On pourrait penser que cette volte-face a fait suite à la proposition “honnête” de Ségolène Royale, par souci d’intelligence politique, et que seuls les sots ne changent pas d’avis. En termes mathématiques simples, une chance sur deux d’avoir cinq sièges ne vaut-elle pas mieux qu’une faible chance d’en remporter un, deux ou trois? Force est pourtant de constater que le passage devant les électeurs au premier tour est un risque démocratique incontournable pour identifier le poids d’une formation politique, et que les chevaliers du politiquement différent et de l’opposition au bipartisme ne peuvent par nature s’épargner la démarche sans se renier. On aurait tort d’oublier qu’à la suite du choix des instances nationales du Mouvement Démocrate d’un autre meneur pour les régionales que celui du 17, et en vertu de la parité exigée sur les listes, Alexis Blanc se retrouvait dans une vraie difficulté de devenir, lors du prochain scrutin, élu régional. En termes mathématiques simples, en mettant entre parenthèses la responsabilité dévolue à un leader départemental, la fidélité due à une position entérinée et partagée démocratiquement à tous les échelons du Mouvement, une chance sur deux d’être élu régional ne vaut-elle pas mieux que zéro chance? L’opportunisme individuel n’étant que trop habituel en politique, on n’en sera pas surpris outre mesure.
Ce qui étonnera, c’est plutôt le ralliement d’honnêtes militants démocrates à une farce Royale de débauchage individuel. J’évoquerai ci-après quelques pistes pouvant l’expliquer. Un responsable local de Parti retranscrit à sa façon les positions nationales: il peut à son gré, sans contre-pouvoir vrai, les embellir, les déformer, ou les dénigrer. Cette position autorise la manipulation. La dualité entre le local et le national peut être facilement entretenue, car l’argument des élites coupées des réalités du terrain et éloignées du pragmatisme local est bien enraciné. Nul ne contestera qu’Alexis Blanc avait été choisi comme tête de liste départementale par les militants. Sa position peu favorable sur la liste retenue régionale par le siège national a-t-elle pu créer le sentiment chez certains militants du 17 d’avoir eux-mêmes été trahis suite à un véritable complot? Ont-ils en toute bonne foi voulu répondre à une injustice par une rébellion politique? Ont-ils pensé que le MoDem de Charente-Maritime ne pèserait pas assez dans le scrutin? Ont-ils suivis AB par fidélité ou aveuglement à leur leader local, sans analyser les conséquences de leur choix?
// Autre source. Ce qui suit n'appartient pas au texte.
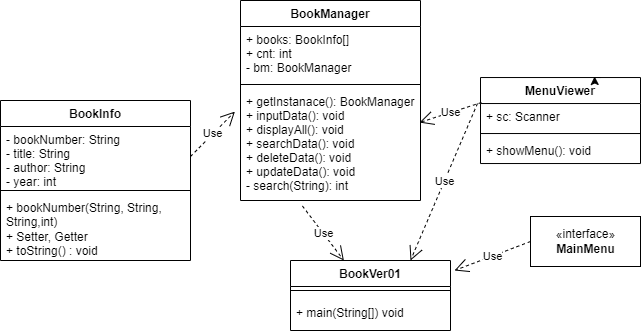

The diagram above was exported from draw.io. Its source (the exported page's mxGraphModel, read from the mxfile embedded in the PNG):
<mxGraphModel dx="792" dy="514" grid="1" gridSize="10" guides="1" tooltips="1" connect="1" arrows="1" fold="1" page="1" pageScale="1" pageWidth="827" pageHeight="1169" math="0" shadow="0">
  <root>
    <mxCell id="0" />
    <mxCell id="1" parent="0" />
    <mxCell id="yyp3E7-eM0I-LkSoxdQt-1" value="BookInfo" style="swimlane;fontStyle=1;align=center;verticalAlign=top;childLayout=stackLayout;horizontal=1;startSize=26;horizontalStack=0;resizeParent=1;resizeParentMax=0;resizeLast=0;collapsible=1;marginBottom=0;" vertex="1" parent="1">
      <mxGeometry x="60" y="144" width="190" height="160" as="geometry" />
    </mxCell>
    <mxCell id="yyp3E7-eM0I-LkSoxdQt-2" value="- bookNumber: String&#10;- title: String&#10;- author: String&#10;- year: int" style="text;strokeColor=none;fillColor=none;align=left;verticalAlign=top;spacingLeft=4;spacingRight=4;overflow=hidden;rotatable=0;points=[[0,0.5],[1,0.5]];portConstraint=eastwest;" vertex="1" parent="yyp3E7-eM0I-LkSoxdQt-1">
      <mxGeometry y="26" width="190" height="60" as="geometry" />
    </mxCell>
    <mxCell id="yyp3E7-eM0I-LkSoxdQt-3" value="" style="line;strokeWidth=1;fillColor=none;align=left;verticalAlign=middle;spacingTop=-1;spacingLeft=3;spacingRight=3;rotatable=0;labelPosition=right;points=[];portConstraint=eastwest;strokeColor=inherit;" vertex="1" parent="yyp3E7-eM0I-LkSoxdQt-1">
      <mxGeometry y="86" width="190" height="8" as="geometry" />
    </mxCell>
    <mxCell id="yyp3E7-eM0I-LkSoxdQt-4" value="+ bookNumber(String, String, String,int)&#10;+ Setter, Getter&#10;+ toString() : void" style="text;strokeColor=none;fillColor=none;align=left;verticalAlign=top;spacingLeft=4;spacingRight=4;overflow=hidden;rotatable=0;points=[[0,0.5],[1,0.5]];portConstraint=eastwest;whiteSpace=wrap;" vertex="1" parent="yyp3E7-eM0I-LkSoxdQt-1">
      <mxGeometry y="94" width="190" height="66" as="geometry" />
    </mxCell>
    <mxCell id="yyp3E7-eM0I-LkSoxdQt-5" value="BookVer01" style="swimlane;fontStyle=1;align=center;verticalAlign=top;childLayout=stackLayout;horizontal=1;startSize=26;horizontalStack=0;resizeParent=1;resizeParentMax=0;resizeLast=0;collapsible=1;marginBottom=0;" vertex="1" parent="1">
      <mxGeometry x="350" y="304" width="160" height="70" as="geometry" />
    </mxCell>
    <mxCell id="yyp3E7-eM0I-LkSoxdQt-6" value="" style="line;strokeWidth=1;fillColor=none;align=left;verticalAlign=middle;spacingTop=-1;spacingLeft=3;spacingRight=3;rotatable=0;labelPosition=right;points=[];portConstraint=eastwest;strokeColor=inherit;" vertex="1" parent="yyp3E7-eM0I-LkSoxdQt-5">
      <mxGeometry y="26" width="160" height="8" as="geometry" />
    </mxCell>
    <mxCell id="yyp3E7-eM0I-LkSoxdQt-7" value="+ main(String[]) void" style="text;strokeColor=none;fillColor=none;align=left;verticalAlign=middle;spacingLeft=4;spacingRight=4;overflow=hidden;rotatable=0;points=[[0,0.5],[1,0.5]];portConstraint=eastwest;" vertex="1" parent="yyp3E7-eM0I-LkSoxdQt-5">
      <mxGeometry y="34" width="160" height="36" as="geometry" />
    </mxCell>
    <mxCell id="yyp3E7-eM0I-LkSoxdQt-8" value="Use" style="endArrow=open;endSize=12;dashed=1;html=1;rounded=0;exitX=1;exitY=0.5;exitDx=0;exitDy=0;entryX=-0.031;entryY=0.206;entryDx=0;entryDy=0;entryPerimeter=0;" edge="1" parent="1" source="yyp3E7-eM0I-LkSoxdQt-2" target="yyp3E7-eM0I-LkSoxdQt-16">
      <mxGeometry width="160" relative="1" as="geometry">
        <mxPoint x="220" y="90" as="sourcePoint" />
        <mxPoint x="380" y="90" as="targetPoint" />
      </mxGeometry>
    </mxCell>
    <mxCell id="yyp3E7-eM0I-LkSoxdQt-9" value="MenuViewer" style="swimlane;fontStyle=1;align=center;verticalAlign=top;childLayout=stackLayout;horizontal=1;startSize=26;horizontalStack=0;resizeParent=1;resizeParentMax=0;resizeLast=0;collapsible=1;marginBottom=0;" vertex="1" parent="1">
      <mxGeometry x="540" y="121.03" width="160" height="86" as="geometry" />
    </mxCell>
    <mxCell id="yyp3E7-eM0I-LkSoxdQt-10" value="+ sc: Scanner" style="text;strokeColor=none;fillColor=none;align=left;verticalAlign=top;spacingLeft=4;spacingRight=4;overflow=hidden;rotatable=0;points=[[0,0.5],[1,0.5]];portConstraint=eastwest;" vertex="1" parent="yyp3E7-eM0I-LkSoxdQt-9">
      <mxGeometry y="26" width="160" height="26" as="geometry" />
    </mxCell>
    <mxCell id="yyp3E7-eM0I-LkSoxdQt-11" value="" style="line;strokeWidth=1;fillColor=none;align=left;verticalAlign=middle;spacingTop=-1;spacingLeft=3;spacingRight=3;rotatable=0;labelPosition=right;points=[];portConstraint=eastwest;strokeColor=inherit;" vertex="1" parent="yyp3E7-eM0I-LkSoxdQt-9">
      <mxGeometry y="52" width="160" height="8" as="geometry" />
    </mxCell>
    <mxCell id="yyp3E7-eM0I-LkSoxdQt-12" value="+ showMenu(): void" style="text;strokeColor=none;fillColor=none;align=left;verticalAlign=top;spacingLeft=4;spacingRight=4;overflow=hidden;rotatable=0;points=[[0,0.5],[1,0.5]];portConstraint=eastwest;" vertex="1" parent="yyp3E7-eM0I-LkSoxdQt-9">
      <mxGeometry y="60" width="160" height="26" as="geometry" />
    </mxCell>
    <mxCell id="yyp3E7-eM0I-LkSoxdQt-13" value="BookManager" style="swimlane;fontStyle=1;align=center;verticalAlign=top;childLayout=stackLayout;horizontal=1;startSize=26;horizontalStack=0;resizeParent=1;resizeParentMax=0;resizeLast=0;collapsible=1;marginBottom=0;" vertex="1" parent="1">
      <mxGeometry x="300" y="44" width="180" height="200" as="geometry" />
    </mxCell>
    <mxCell id="yyp3E7-eM0I-LkSoxdQt-14" value="+ books: BookInfo[]&#10;+ cnt: int&#10;- bm: BookManager" style="text;strokeColor=none;fillColor=none;align=left;verticalAlign=top;spacingLeft=4;spacingRight=4;overflow=hidden;rotatable=0;points=[[0,0.5],[1,0.5]];portConstraint=eastwest;" vertex="1" parent="yyp3E7-eM0I-LkSoxdQt-13">
      <mxGeometry y="26" width="180" height="54" as="geometry" />
    </mxCell>
    <mxCell id="yyp3E7-eM0I-LkSoxdQt-15" value="" style="line;strokeWidth=1;fillColor=none;align=left;verticalAlign=middle;spacingTop=-1;spacingLeft=3;spacingRight=3;rotatable=0;labelPosition=right;points=[];portConstraint=eastwest;strokeColor=inherit;" vertex="1" parent="yyp3E7-eM0I-LkSoxdQt-13">
      <mxGeometry y="80" width="180" height="8" as="geometry" />
    </mxCell>
    <mxCell id="yyp3E7-eM0I-LkSoxdQt-16" value="+ getInstanace(): BookManager&#10;+ inputData(): void&#10;+ displayAll(): void&#10;+ searchData(): void&#10;+ deleteData(): void&#10;+ updateData(): void&#10;- search(String): int" style="text;strokeColor=none;fillColor=none;align=left;verticalAlign=top;spacingLeft=4;spacingRight=4;overflow=hidden;rotatable=0;points=[[0,0.5],[1,0.5]];portConstraint=eastwest;" vertex="1" parent="yyp3E7-eM0I-LkSoxdQt-13">
      <mxGeometry y="88" width="180" height="112" as="geometry" />
    </mxCell>
    <mxCell id="yyp3E7-eM0I-LkSoxdQt-17" value="Use" style="endArrow=open;endSize=12;dashed=1;html=1;rounded=0;exitX=0.344;exitY=1.049;exitDx=0;exitDy=0;exitPerimeter=0;" edge="1" parent="1" source="yyp3E7-eM0I-LkSoxdQt-16" target="yyp3E7-eM0I-LkSoxdQt-5">
      <mxGeometry width="160" relative="1" as="geometry">
        <mxPoint x="370" y="240" as="sourcePoint" />
        <mxPoint x="390" y="330" as="targetPoint" />
      </mxGeometry>
    </mxCell>
    <mxCell id="yyp3E7-eM0I-LkSoxdQt-18" value="Use" style="endArrow=open;endSize=12;dashed=1;html=1;rounded=0;exitX=0.006;exitY=-0.038;exitDx=0;exitDy=0;exitPerimeter=0;entryX=0.994;entryY=0.304;entryDx=0;entryDy=0;entryPerimeter=0;" edge="1" parent="1" source="yyp3E7-eM0I-LkSoxdQt-10" target="yyp3E7-eM0I-LkSoxdQt-16">
      <mxGeometry width="160" relative="1" as="geometry">
        <mxPoint x="230" y="330" as="sourcePoint" />
        <mxPoint x="390" y="330" as="targetPoint" />
      </mxGeometry>
    </mxCell>
    <mxCell id="yyp3E7-eM0I-LkSoxdQt-19" value="Use" style="endArrow=open;endSize=12;dashed=1;html=1;rounded=0;exitX=-0.019;exitY=0;exitDx=0;exitDy=0;exitPerimeter=0;entryX=0.75;entryY=0;entryDx=0;entryDy=0;" edge="1" parent="1" source="yyp3E7-eM0I-LkSoxdQt-10" target="yyp3E7-eM0I-LkSoxdQt-5">
      <mxGeometry width="160" relative="1" as="geometry">
        <mxPoint x="580" y="160" as="sourcePoint" />
        <mxPoint x="390" y="330" as="targetPoint" />
      </mxGeometry>
    </mxCell>
    <mxCell id="yyp3E7-eM0I-LkSoxdQt-20" style="edgeStyle=orthogonalEdgeStyle;rounded=0;orthogonalLoop=1;jettySize=auto;html=1;exitX=0.75;exitY=0;exitDx=0;exitDy=0;entryX=0.713;entryY=-0.012;entryDx=0;entryDy=0;entryPerimeter=0;" edge="1" parent="1" source="yyp3E7-eM0I-LkSoxdQt-9" target="yyp3E7-eM0I-LkSoxdQt-9">
      <mxGeometry relative="1" as="geometry" />
    </mxCell>
    <mxCell id="yyp3E7-eM0I-LkSoxdQt-31" value="«interface»&lt;br&gt;&lt;b&gt;MainMenu&lt;/b&gt;" style="html=1;" vertex="1" parent="1">
      <mxGeometry x="590" y="260" width="110" height="50" as="geometry" />
    </mxCell>
    <mxCell id="yyp3E7-eM0I-LkSoxdQt-32" value="Use" style="endArrow=open;endSize=12;dashed=1;html=1;rounded=0;entryX=1.025;entryY=0.143;entryDx=0;entryDy=0;entryPerimeter=0;exitX=0;exitY=0.5;exitDx=0;exitDy=0;" edge="1" parent="1" source="yyp3E7-eM0I-LkSoxdQt-31" target="yyp3E7-eM0I-LkSoxdQt-5">
      <mxGeometry width="160" relative="1" as="geometry">
        <mxPoint x="340" y="160" as="sourcePoint" />
        <mxPoint x="500" y="160" as="targetPoint" />
      </mxGeometry>
    </mxCell>
  </root>
</mxGraphModel>

En réponse aux distensions internes qui étaient apparues auparavant, ont-ils porté leur préférence vers une personne ou une alternative politique? Quoi qu’il en soit, et quoi qu’en disent les aventuriers Ségolèniens du Modem 17, il n’y aura aucun centriste au premier tour des régionales sur la liste socialiste en Poitou-Charentes. Il est des choix qui excluent de facto d’un Mouvement mais surtout d’une famille de pensée politique. Le centre est par essence indépendant. La morale de cette histoire réside peut-être dans la logique à venir des alliances du Mouvement Démocrate: les ralliements, région par région, au second tour, seraient mieux compris par l’électorat dans sa globalité s’ils sont clairs! Ils devront pour cela répondre à des critères de projet pour chaque région, des critères de bilan, des critères d’engagements fiscaux, et en dernier ressort seulement à des critères de liste et de nombre de candidats. Le discernement politique dans la transparence et l’analyse mettrait alors la troisième voie politique sur les rails de la crédibilité.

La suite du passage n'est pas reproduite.